In December 2011, Google announced the annotations for sites that want to target users in many languages ​​and, optionally, countries. A few months later Google announced, on their official blog, [6] that they are adding support for specifying the “alternate” and hreflang annotations in Sitemaps. Instead of the (until then only option) HTML link elements the Sitemaps option offered many advantages which included a smaller page size and easier deployment for some websites.

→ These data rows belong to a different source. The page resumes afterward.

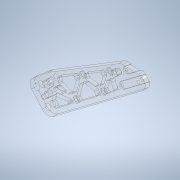
# Autodesk Inventor part: アーム アーム先端根本ポリカパーツ(ミラー)
Saved by Autodesk Inventor 2020.2 (Build 242310000, 310)
## iProperties
Created: 2020-05-02
Part Number: アーム アーム先端根本ポリカパーツ(ミラー)
Material: ポリカーボネート、クリア
Document SubType Name: Modeling
Designer: mozar
Density: 1.2 g/cm^3
Appearance: ポリカーボネート - クリア
Mass: 15.4398 g
Surface Area: 103.612 cm^2
Volume: 12.8665 cm^3
Author: mozar
Autodesk Inventor part; units mm, degrees
(part 1 of 2)
ref_plane "YZ Plane" through (0, 0, 0) normal (1, 0, 0) x (0, 1, 0)
ref_plane "XZ Plane" through (0, 0, 0) normal (0, 1, 0) x (-1, 0, 0)
ref_plane "XY Plane" through (0, 0, 0) normal (0, 0, 1) x (1, 0, 0)
sketch "スケッチ1" plane through (0, 0, 0) normal (0, 0, 1) x (1, 0, 0)
  circle A0 centre (-129.11052, 24.304119) radius 1.5
  circle A1 centre (-99.752673, 43.359743) radius 1.5
  circle A2 centre (-45.703772, 62.415368) radius 1.5
  circle A3 centre (-41.036979, 81.470992) radius 1.5
  circle A4 centre (-70.394826, 62.415368) radius 1.5
  circle A5 centre (-73.694174, 41.402576) radius 1.5
  circle A6 centre (-101.684575, 20.389785) radius 1.5
  circle A7 centre (-147.951739, 7.872185) radius 1.5
  line L0 (-23.449069, 99.142406) -> (-7.448842, 98.649717)
  arc A8 (-3.447491, 86.009971) -> (-7.448842, 98.649717) centre (-7.665058, 91.628045) ccw
  line L1 (-3.447491, 86.009971) -> (-131.660668, -10.24148)
  arc A9 (-141.440781, -10.106867) -> (-131.660668, -10.24148) centre (-136.463592, -3.843674) ccw
  line L2 (-141.440781, -10.106867) -> (-154.18878, 0.023621)
  arc A10 (-153.409815, 16.281111) -> (-154.18878, 0.023621) centre (-147.951739, 7.872185) ccw
  line L3 (-153.409815, 16.281111) -> (-27.490021, 98.013273)
  arc A11 (-23.449069, 99.142406) -> (-27.490021, 98.013273) centre (-23.665285, 92.120734) ccw
  circle A12 centre (-136.463592, -3.843674) radius 1.5
  circle A13 centre (-7.665058, 91.628045) radius 1.5
  circle A14 centre (-27.658202, 76.618908) radius 1.5
  circle A15 centre (-23.665285, 92.120734) radius 1.5
  circle A16 centre (-136.463592, -3.843674) radius 8
  circle A17 centre (-165.894632, -3.310235) radius 1.5
  circle A18 centre (-136.536785, 15.745389) radius 1.5
  circle A19 centre (-82.487883, 34.801014) radius 1.5
  circle A20 centre (-77.821091, 53.856638) radius 1.5
  circle A21 centre (-107.178938, 34.801014) radius 1.5
  circle A22 centre (-110.478285, 13.788222) radius 1.5
  circle A23 centre (-138.468687, -7.22457) radius 1.5
  circle A24 centre (-184.735851, -19.742169) radius 1.5
  circle A25 centre (-173.247704, -31.458028) radius 1.5
  circle A26 centre (-44.44917, 64.013691) radius 1.5
  circle A27 centre (-64.442314, 49.004554) radius 1.5
  circle A28 centre (-60.449397, 64.50638) radius 1.5
  line L4 (-64.274133, 70.398919) -> (-190.193926, -11.333243)
  arc A29 (-190.193926, -11.333243) -> (-190.972891, -27.590733) centre (-184.735851, -19.742169) ccw
  line L5 (-190.972891, -27.590733) -> (-178.224893, -37.721221)
  arc A30 (-178.224893, -37.721221) -> (-168.44478, -37.855834) centre (-173.247704, -31.458028) ccw
  line L6 (-168.44478, -37.855834) -> (-40.231602, 58.395617)
  arc A31 (-40.231602, 58.395617) -> (-44.232954, 71.035362) centre (-44.44917, 64.013691) ccw
  line L7 (-44.232954, 71.035362) -> (-60.233181, 71.528052)
  arc A32 (-60.233181, 71.528052) -> (-64.274133, 70.398919) centre (-60.449397, 64.50638) ccw
  circle A33 centre (-60.449397, 64.50638) radius 7.025
  circle A34 centre (-147.951739, 7.872185) radius 10.025
  line L8 (-153.154364, 16.44151) -> (-64.095126, 70.511318)
  point P0 (0, 0)
  point P1 (0, 0)
  point P2 (36.784112, 27.614354)
  constraints: 35 centre point, 20 point on circle, 18 end point, 2 coincident, 2 tangent, 54 other
extrude "押し出し1" add sketch "スケッチ1" against normal blind 5 contours A0 | A1 | A2 A26 | A4 | A5 | A6 | A34 L4 A10 | L1 A16 A34 L4 A33 L7 A31 | L4 A34 A16 A10 | L8 A32 L4 A34 | A9 A16 A34 | A34 A16 L2 | A32 A33 | A16 A34 | A18 | A19 | A20 | A21 | A22 | A23 picked at (-46.281723, 61.837664)
sketch "スケッチ2" plane through (0, 0, 0) normal (0, 0, 1) x (1, 0, 0)
  circle A0 centre (-64.442314, 49.004554) radius 1.5
  circle A1 centre (-44.44917, 64.013691) radius 1.5
  line L0 (-41.268818, 70.277554) -> (-66.303447, 51.483704)
  arc A2 (-37.546552, 65.319255) -> (-41.268818, 70.277554) centre (-44.44917, 64.013691) ccw
  line L1 (-62.581181, 46.525404) -> (-37.546552, 65.319255)
  arc A3 (-66.303447, 51.483704) -> (-62.581181, 46.525404) centre (-64.442314, 49.004554) ccw
  circle A4 centre (-60.449397, 64.50638) radius 1.5
  line L2 (-46.496021, 71.105048) -> (-56.416161, 71.410515)
  line L3 (-58.588264, 62.02723) -> (-46.496021, 71.105048)
  arc A5 (-62.310529, 66.98553) -> (-58.588264, 62.02723) centre (-60.449397, 64.50638) ccw
  line L4 (-56.416161, 71.410515) -> (-62.310529, 66.98553)
  point P0 (0, 0)
  point P1 (0, 0)
  constraints: 10 end point, 6 centre point, 6 point on circle, 25 other
extrude "押し出し2" cut sketch "スケッチ2" against normal blind 1
sketch "スケッチ3" plane through (0, 0, -5) normal (0, 0, -1) x (-1, 0, 0)
  line L0 (56.416161, 71.410515) -> (46.496021, 71.105048)
  line L1 (62.310529, 66.98553) -> (56.416161, 71.410515)
  arc A0 (58.588264, 62.02723) -> (62.310529, 66.98553) centre (60.449397, 64.50638) ccw
  line L2 (46.496021, 71.105048) -> (58.588264, 62.02723)
  circle A1 centre (60.449397, 64.50638) radius 1.5
  arc A2 (62.581181, 46.525404) -> (66.303447, 51.483704) centre (64.442314, 49.004554) ccw
  line L3 (37.546552, 65.319255) -> (62.581181, 46.525404)
  arc A3 (41.268818, 70.277554) -> (37.546552, 65.319255) centre (44.44917, 64.013691) ccw
  line L4 (66.303447, 51.483704) -> (41.268818, 70.277554)
  circle A4 centre (64.442314, 49.004554) radius 1.5
  circle A5 centre (44.44917, 64.013691) radius 1.5
  point P0 (0, 0)
extrude "押し出し3" cut sketch "スケッチ3" against normal blind 1
extrude "押し出し4" add sketch "スケッチ2" against normal blind 1
sketch "スケッチ4" plane through (0, 0, -5) normal (0, 0, -1) x (-1, 0, 0)
  line L0 (46.496021, 71.105048) -> (58.588264, 62.02723)
  arc A0 (58.588264, 62.02723) -> (62.310529, 66.98553) centre (60.449397, 64.50638) ccw
  line L1 (62.310529, 66.98553) -> (56.416161, 71.410515)
  line L2 (56.416161, 71.410515) -> (60.233181, 71.528052)
  arc A1 (64.095126, 70.511318) -> (60.233181, 71.528052) centre (60.449397, 64.50638) ccw
  line L3 (64.095126, 70.511318) -> (153.154364, 16.44151)
  arc A2 (154.18878, 0.023621) -> (153.154364, 16.44151) centre (147.951739, 7.872185) ccw
  line L4 (154.18878, 0.023621) -> (141.440781, -10.106867)
  arc A3 (131.660668, -10.24148) -> (141.440781, -10.106867) centre (136.463592, -3.843674) ccw
  line L5 (131.660668, -10.24148) -> (40.231602, 58.395617)
  arc A4 (37.546552, 65.319255) -> (40.231602, 58.395617) centre (44.44917, 64.013691) ccw
  line L6 (37.546552, 65.319255) -> (62.581181, 46.525404)
  arc A5 (62.581181, 46.525404) -> (66.303447, 51.483704) centre (64.442314, 49.004554) ccw
  line L7 (66.303447, 51.483704) -> (41.268818, 70.277554)
  arc A6 (44.232954, 71.035362) -> (41.268818, 70.277554) centre (44.44917, 64.013691) ccw
  line L8 (44.232954, 71.035362) -> (46.496021, 71.105048)
  circle A7 centre (136.463592, -3.843674) radius 1.5
  circle A8 centre (147.951739, 7.872185) radius 1.5
  circle A9 centre (147.951739, 7.872185) radius 3
  circle A10 centre (136.463592, -3.843674) radius 1.5
  circle A11 centre (136.463592, -3.843674) radius 3
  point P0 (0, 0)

One example of the Multilingual Sitemap would be followed

English language users through http://www.example.com/en and Greek language users through http://www.example.com/gr , up until then the only option was to add the hreflang annotation in the HTTP header or as HTML elements on both URLs like this

 <link rel = "alternate" hreflang = "en" href = "http://www.example.com/en" >
 <link rel = "alternate" hreflang = "gr" href = "http: //www.example .com / gr " >

But now, one can use the following equivalent markup in Sitemaps:

1 <url>
2 <loc> http://www.example.com/en </ loc>
3 <xhtml: link 4 rel = "alternate" 5 hreflang = "gr" 6 href = "http: // www. example.com/gr " /> 7 <xhtml: link 8 rel = " alternate " 9 hreflang = " en " 10 href = " http://www.example.com/en " /> 11 </ url> 12 < url> 13 <loc> http://www.example.com/gr </ loc> 14 <xhtml: link 15 rel =
 "alternate"
 16 hreflang = "gr" 17 href = "http://www.example.com/gr" /> 18 <xhtml: link 19 rel = "alternate" 20 hreflang = "en" 21 href = "http: //www.example.com/en " /> 22 </ url>

See also

  • Biositemap
  • metadata
  • Resources of a Resource
  • Yahoo! Site Explorer
  • Google Webmaster Tools

References

  1. Jump up^ ML Nelson; JA Smith; del Campo; H. Van de Sompel; X. Liu (2006). “Efficient, Automated Web Resource Harvesting” (PDF) . WIDM’06 .
  2. Jump up^ Brandman O., Cho J., Hector Garcia-Molina , and Narayanan Shivakumar (2000). “Crawler-friendly web servers”. Proceedings of ACM SIGMETRICS Performance Evaluation Review, Volume 28, Issue 2 . doi : 10.1145 / 362883.362894 .
  3. ^ Jump up to:g “Sitemaps XML format” . Sitemaps.org. 2016-11-21 . Retrieved 2016-12-01 .
  4. Jump up^ https://support.google.com/webmasters/bin/answer.py?hl=en&answer=183668
  5. Jump up^ “About Google Sitemaps” . Google.com. 2016-12-01 . Retrieved 2016-12-01 .
  6. Jump up^ “Multilingual and multinational website annotations in Sitemaps” . Google Webmaster Central Blog . Pierre Far. May 24, 2012.